■ What the exercise asks: In the answer, give the entries below exactly, from the first line through the line with "194.3l.7 1.3M86.4 194.3v2.6M10", with every picture omitted.

◆ ◆ ◆ ◆

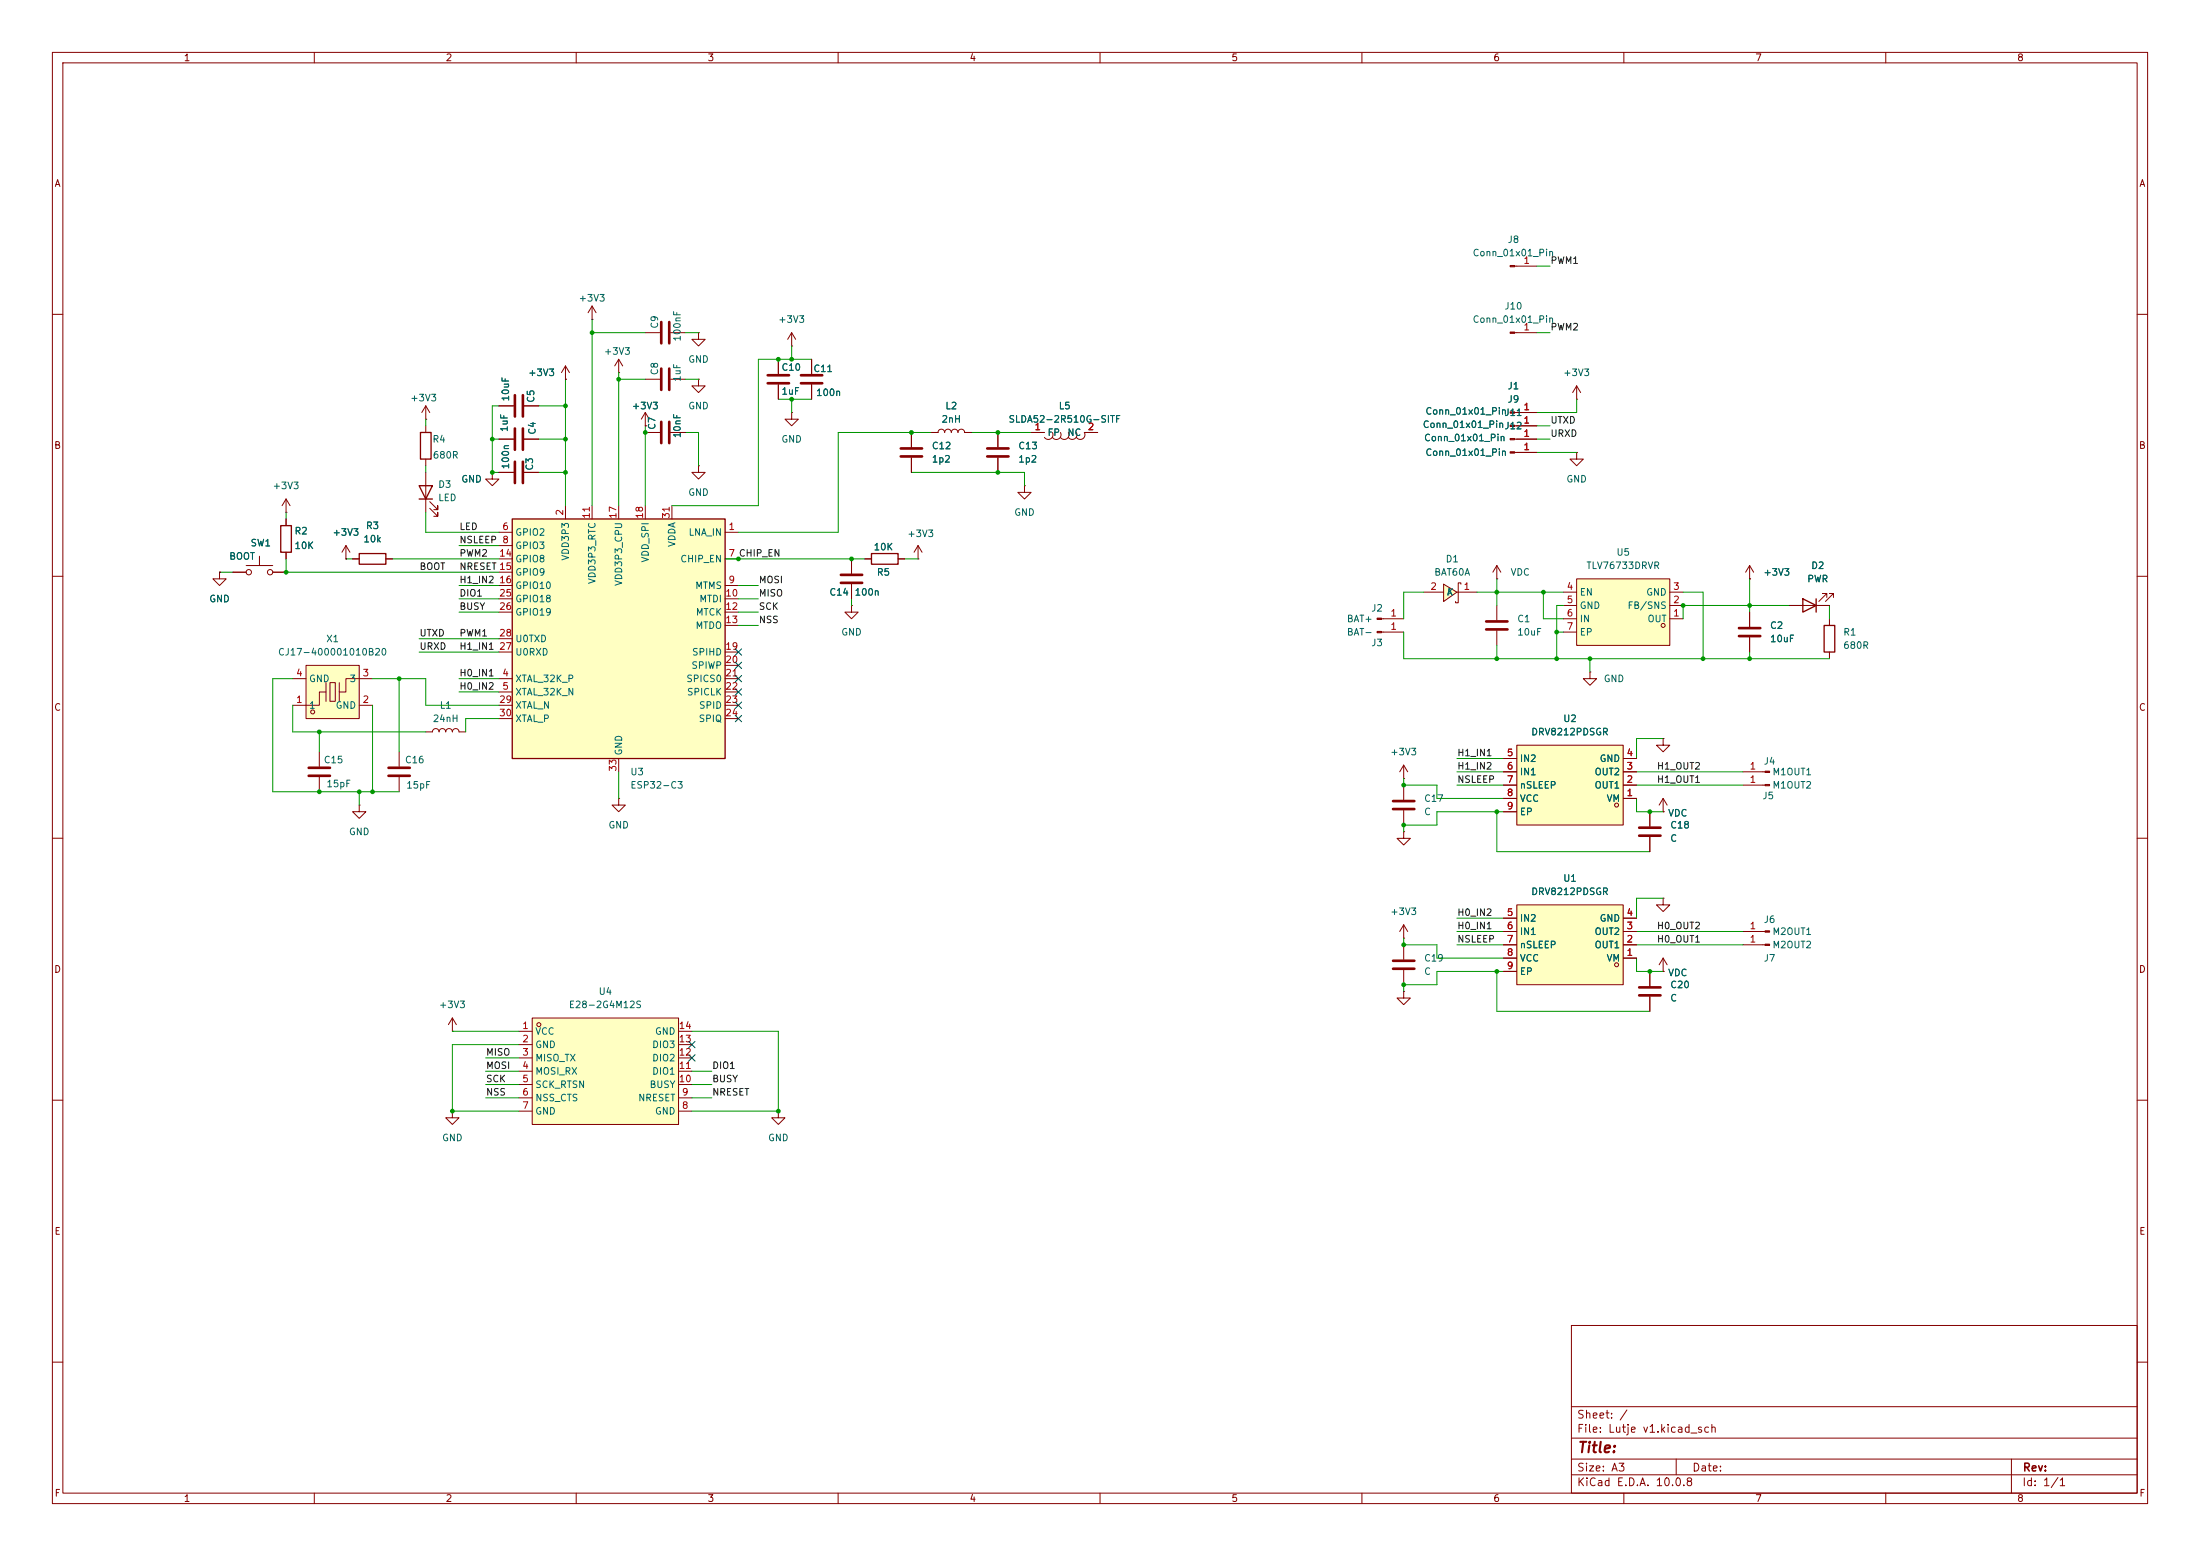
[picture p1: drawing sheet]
<svg xmlns="http://www.w3.org/2000/svg" width="420mm" height="297mm" viewBox="0 0 420 297" stroke-linecap="round" stroke-linejoin="round" font-family="sans-serif">
<g fill="none" stroke="#840000" stroke-width=".19">
<path d="M10 10h400v277h-400zM12 12h396v273h-396zM60 10v2M110 10v2M160 10v2M210 10v2M260 10v2M310 10v2M360 10v2M113 58.4l-.7 1.3M113 58.4l.8 1.3M113 58.4v2.6"/>
<path d="M10 60h2M113 61h.1M118.1 71.1h.1M118.1 68.6l-.8 1.3M118.1 68.6l.8 1.3M118.1 68.6v2.5M123.2 63.5h2.8M123.2 78.7l-.8 1.3M123.2 78.7l.8 1.3M123.2 78.7v2.6M128 63.5h2.8M148.6 68.6v2.8"/>
<path d="M148.6 73.4v2.8M151.1 78.7v1.3h1.3l-1.3 1.3-1.2-1.3h1.2M151.1 78.7h.1M154.9 68.6v2.8M154.9 73.4v2.8M408 60h2M54.6 97.8h.1M54.6 95.3l-.8 1.2M54.6 95.3l.8 1.2M54.6 95.3v2.5M123.2 81.3h.1M174 82.6v2.7"/>
<path d="M174 87.4v2.8M177.8 82.6h1.3a.64 .64 0 0 1 .6-.7 .64 .64 0 0 1 .6 .7 .64 .64 0 0 1 .7-.7 .64 .64 0 0 1 .6 .7 .64 .64 0 0 1 .6-.7 .64 .64 0 0 1 .7 .7 .64 .64 0 0 1 .6-.7 .64 .64 0 0 1 .6 .7h1.3M190.5 82.6v2.7M190.5 87.4v2.8M195.6 92.7v1.3h-1.3l1.3 1.3 1.2-1.3h-1.2M195.6 92.7h.1M196.8 82.6h2.6M200.9 82.6a.89 .89 0 0 1-.3 1.1 .89 .89 0 0 1-1.2-.2M202.4 82.5a.9 .9 0 0 1-.3 1.3 .9 .9 0 0 1-1.2-.3M204 82.6a.89 .89 0 0 1-.4 1.1 .89 .89 0 0 1-1.2-.2M205.5 82.6a.89 .89 0 0 1-.3 1.1 .89 .89 0 0 1-1.2-.2M209.5 82.6h-2.5a.89 .89 0 0 1-.3 1.1 .89 .89 0 0 1-1.2-.2"/>
<path d="M10 110h2M162.6 115.6v1.2h-1.3l1.3 1.3 1.2-1.3h-1.2M162.6 115.6h.1M162.6 106.7v2.8M162.6 111.5v2.8M165.1 106.7h1.3M171.4 106.7h1.3M175.3 106.7h.1M175.3 104.1l.7 1.3M175.3 104.1l-.8 1.3M175.3 104.1v2.6M408 110h2"/>
<path d="M10 160h2M118.1 152.4v1.3h1.3l-1.3 1.2-1.3-1.2h1.3M118.1 152.4h.1M268 158.8v1.2h1.2l-1.2 1.3-1.3-1.3h1.3M268 158.8h.1M408 160h2M268 179.1h.1M268 176.5l-.8 1.3M268 176.5l.7 1.3M268 176.5v2.6M86.4 196.9h.1M86.4 194.3l-.8 1.3"/>
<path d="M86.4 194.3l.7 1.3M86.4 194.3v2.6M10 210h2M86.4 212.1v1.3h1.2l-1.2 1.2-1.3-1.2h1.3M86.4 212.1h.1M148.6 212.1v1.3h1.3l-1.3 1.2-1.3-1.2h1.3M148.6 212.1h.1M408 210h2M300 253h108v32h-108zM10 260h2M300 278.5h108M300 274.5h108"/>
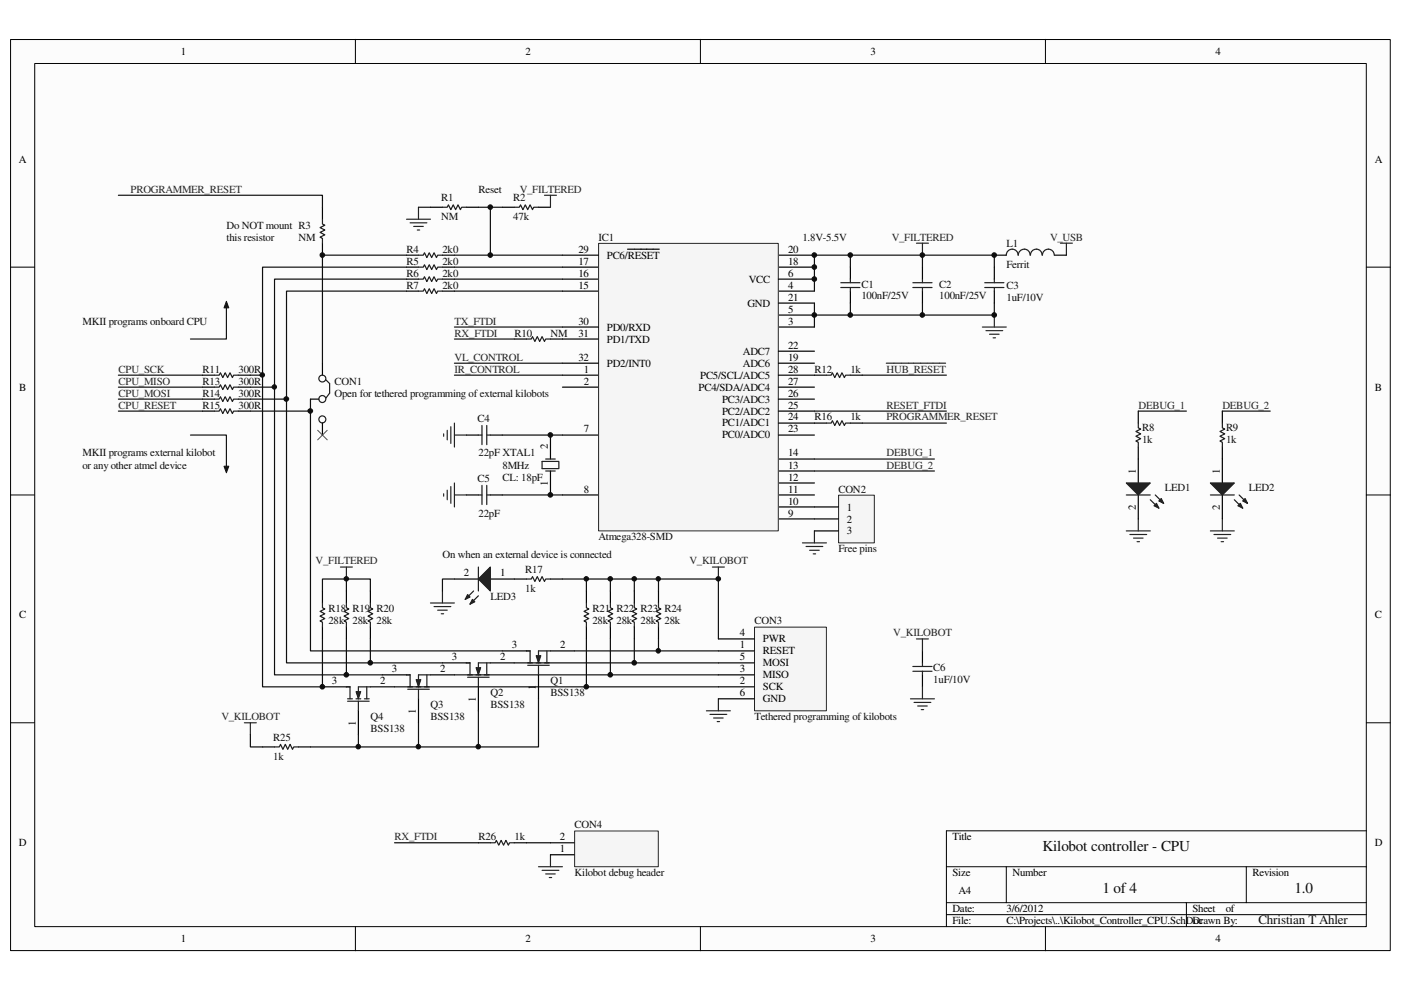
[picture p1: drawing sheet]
<svg xmlns="http://www.w3.org/2000/svg" width="297mm" height="210mm" viewBox="0 0 297 210" stroke-linecap="round" stroke-linejoin="round" font-family="sans-serif">
<path d="M2.3 8.4h292.5v193.1h-292.5z" fill="#fcfcfc"/>
<path d="M2.2 8.4h292.6v193.1h-292.6z" fill="none" stroke="#000" stroke-width=".21"/>
<path d="M7.4 13.5h282.3v183h-282.3z" fill="#fcfcfc"/>
<g fill="none" stroke="#000" stroke-width=".21">
<path d="M7.4 13.5h282.3v183h-282.3zM75.3 8.3v5.1M148.5 8.3v5.1M221.7 8.3v5.1M2.2 56.6h5.1M289.7 56.6h5.1M2.2 104.9h5.1M289.7 104.9h5.1M2.2 153.2h5.1M289.7 153.2h5.1M289.7 176.1h-89v20.4M75.3 196.5v5.1"/>
<path d="M148.5 196.5v5.1M200.7 183.8h89M200.7 191.4h89M200.7 193.9h89M213.4 183.8v7.6M221.7 196.5v5.1M251.5 191.4v5.1M264.2 183.8v7.6"/>
</g>
<g fill="none" stroke="#262626" stroke-width=".25">
<path d="M86.2 46.5h5.1M86.9 47.2h3.6M87.7 48h2M88.5 48.8h.5M88.7 43.9v2.6M224.8 51.6h2.6M226.1 51.6v2.5M208.3 69.3h5.1M209 70.1h3.6M209.8 70.9h2M210.6 71.6h.5M210.8 66.8v2.5"/>
<path d="M94.1 92v.5M94.8 91.2v2.1M95.6 90.5v3.5M96.3 89.7v5.1M96.3 92.2h2.6M94.1 104.7v.5M94.8 103.9v2.1M95.6 103.2v3.5M96.3 102.4v5.1M96.3 104.9h2.6"/>
</g>
<g fill="none" stroke="#000" stroke-width=".25">
<path d="M106.5 43.9h2.5M114.2 43.9h2.5M119.2 59.2h7.7M119.2 56.6h7.7M165.1 54.1h7.6M165.1 56.6h7.6M180.3 56.6v2.6M195.6 56.6v2.6M210.8 56.6v2.6M210.8 54.1h2.6M223.6 54.1h2.5M119.2 79.5h7.7"/>
<path d="M119.2 61.7h7.7M165.1 69.3h7.6M165.1 61.7h7.6M165.1 66.8h7.6M180.3 61.7v2.6M195.6 61.7v2.6M210.8 61.7v2.6M98.9 92.2h2.5M104 92.2h2.5M119.2 92.2h7.7M119.2 82.1h7.7M154.5 96.1h2.5"/>
<path d="M165.1 99.9h7.6M165.1 97.3h7.6M241.3 87.2v2.5M241.3 94.8v2.5M119.2 104.9h7.7M165.1 104.9h7.6M165.1 110h7.6M165.1 107.5h7.6M165.1 102.4h7.6"/>
</g>
<g fill="none" stroke="#1c1c1c" stroke-width=".25">
<path d="M109 43.9h1.1l.3-.5 .5 1 .5-1 .5 1 .5-1 .5 1 .3-.5h1M178.3 59.9h4M180.3 59.2v.7M193.5 59.9h4.1M195.6 59.2v.7M208.8 59.9h4M210.8 59.2v.7M213.4 54.1a1.25 1.25 0 0 1 1.2-1.3 1.25 1.25 0 0 1 1.3 1.3M215.9 54.1a1.25 1.25 0 0 1 1.2-1.3 1.25 1.25 0 0 1 1.3 1.3M218.5 54.1a1.23 1.23 0 0 1 1.2-1.3 1.23 1.23 0 0 1 1.2 1.3M221 54.1a1.25 1.25 0 0 1 1.3-1.3 1.25 1.25 0 0 1 1.2 1.3M178.3 61h4"/>
<path d="M180.3 61v.7M193.5 61h4.1M195.6 61v.7M208.8 61h4M210.8 61v.7M101.4 92.2h.8M102.2 90.2v4.1M103.2 90.2v4.1M103.2 92.2h.8M241.3 89.7v1l.5 .3-1 .5 1 .5-1 .5 1 .5-1 .5 .5 .3v1"/>
</g>
<path d="M106.5 92.2h12.7M106.5 104.9h12.7" fill="none" stroke="#0e0e0e" stroke-width=".25"/>
<path d="M127 51.6h38v61h-38z" fill="#f5f5f5"/>
<path d="M126.9 51.6h38.1v61h-38.1z" fill="none" stroke="#262626" stroke-width=".21"/>
<g fill="none" stroke="#000" stroke-width=".25">
<path d="M68.4 43.9v2.6M68.4 51.6v2.5M86.2 54.1h2.5M86.2 59.2h2.5M86.2 56.6h2.5M93.8 54.1h2.5M93.8 59.2h2.5M93.8 56.6h2.5M119.2 54.1h7.7M133 52.8h6.8M165.1 59.2h7.6M86.2 61.7h2.5"/>
<path d="M93.8 61.7h2.5M109 71.9h2.6M116.7 71.9h10.2M119.2 69.3h7.7M119.2 77h7.7M165.1 79.5h7.6M165.1 77h7.6M165.1 64.3h7.6M165.1 74.5h7.6M116.7 92.2v5.1M116.7 99.9v5M165.1 92.2h7.6"/>
<path d="M165.1 89.7h10.1M165.1 87.2h7.6M165.1 84.6h7.6M165.1 82.1h7.6M180.3 89.7h2.5M259.2 87.2v2.5M259.2 94.8v2.5M98.9 104.9h2.5M104 104.9h2.5M109 122.8h2.6M116.7 122.8h2.5"/>
</g>
<g fill="none" stroke="#1c1c1c" stroke-width=".25">
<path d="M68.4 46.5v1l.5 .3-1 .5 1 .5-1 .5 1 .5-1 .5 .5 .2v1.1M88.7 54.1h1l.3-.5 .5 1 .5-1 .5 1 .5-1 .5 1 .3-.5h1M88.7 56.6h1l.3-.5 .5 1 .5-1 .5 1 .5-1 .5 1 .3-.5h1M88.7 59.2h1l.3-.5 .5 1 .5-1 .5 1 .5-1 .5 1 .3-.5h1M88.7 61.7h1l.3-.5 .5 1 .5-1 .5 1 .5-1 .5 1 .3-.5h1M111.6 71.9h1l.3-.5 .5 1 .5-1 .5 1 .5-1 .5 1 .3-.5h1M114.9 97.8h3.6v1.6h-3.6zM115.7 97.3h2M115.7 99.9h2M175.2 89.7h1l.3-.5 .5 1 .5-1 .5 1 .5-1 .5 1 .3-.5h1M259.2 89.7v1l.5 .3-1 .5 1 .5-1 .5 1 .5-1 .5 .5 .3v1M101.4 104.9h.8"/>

◆ ◆ ◆ ◆

■ Output of the task:
[picture p1: drawing sheet]
<svg xmlns="http://www.w3.org/2000/svg" width="420mm" height="297mm" viewBox="0 0 420 297" stroke-linecap="round" stroke-linejoin="round" font-family="sans-serif">
<g fill="none" stroke="#840000" stroke-width=".19">
<path d="M10 10h400v277h-400zM12 12h396v273h-396zM60 10v2M110 10v2M160 10v2M210 10v2M260 10v2M310 10v2M360 10v2M113 58.4l-.7 1.3M113 58.4l.8 1.3M113 58.4v2.6"/>
<path d="M10 60h2M113 61h.1M118.1 71.1h.1M118.1 68.6l-.8 1.3M118.1 68.6l.8 1.3M118.1 68.6v2.5M123.2 63.5h2.8M123.2 78.7l-.8 1.3M123.2 78.7l.8 1.3M123.2 78.7v2.6M128 63.5h2.8M148.6 68.6v2.8"/>
<path d="M148.6 73.4v2.8M151.1 78.7v1.3h1.3l-1.3 1.3-1.2-1.3h1.2M151.1 78.7h.1M154.9 68.6v2.8M154.9 73.4v2.8M408 60h2M54.6 97.8h.1M54.6 95.3l-.8 1.2M54.6 95.3l.8 1.2M54.6 95.3v2.5M123.2 81.3h.1M174 82.6v2.7"/>
<path d="M174 87.4v2.8M177.8 82.6h1.3a.64 .64 0 0 1 .6-.7 .64 .64 0 0 1 .6 .7 .64 .64 0 0 1 .7-.7 .64 .64 0 0 1 .6 .7 .64 .64 0 0 1 .6-.7 .64 .64 0 0 1 .7 .7 .64 .64 0 0 1 .6-.7 .64 .64 0 0 1 .6 .7h1.3M190.5 82.6v2.7M190.5 87.4v2.8M195.6 92.7v1.3h-1.3l1.3 1.3 1.2-1.3h-1.2M195.6 92.7h.1M196.8 82.6h2.6M200.9 82.6a.89 .89 0 0 1-.3 1.1 .89 .89 0 0 1-1.2-.2M202.4 82.5a.9 .9 0 0 1-.3 1.3 .9 .9 0 0 1-1.2-.3M204 82.6a.89 .89 0 0 1-.4 1.1 .89 .89 0 0 1-1.2-.2M205.5 82.6a.89 .89 0 0 1-.3 1.1 .89 .89 0 0 1-1.2-.2M209.5 82.6h-2.5a.89 .89 0 0 1-.3 1.1 .89 .89 0 0 1-1.2-.2"/>
<path d="M10 110h2M162.6 115.6v1.2h-1.3l1.3 1.3 1.2-1.3h-1.2M162.6 115.6h.1M162.6 106.7v2.8M162.6 111.5v2.8M165.1 106.7h1.3M171.4 106.7h1.3M175.3 106.7h.1M175.3 104.1l.7 1.3M175.3 104.1l-.8 1.3M175.3 104.1v2.6M408 110h2"/>
<path d="M10 160h2M118.1 152.4v1.3h1.3l-1.3 1.2-1.3-1.2h1.3M118.1 152.4h.1M268 158.8v1.2h1.2l-1.2 1.3-1.3-1.3h1.3M268 158.8h.1M408 160h2M268 179.1h.1M268 176.5l-.8 1.3M268 176.5l.7 1.3M268 176.5v2.6M86.4 196.9h.1M86.4 194.3l-.8 1.3"/>
<path d="M86.4 194.3l.7 1.3M86.4 194.3v2.6M10 210h2M86.4 212.1v1.3h1.2l-1.2 1.2-1.3-1.2h1.3M86.4 212.1h.1M148.6 212.1v1.3h1.3l-1.3 1.2-1.3-1.2h1.3M148.6 212.1h.1M408 210h2M300 253h108v32h-108zM10 260h2M300 278.5h108M300 274.5h108"/>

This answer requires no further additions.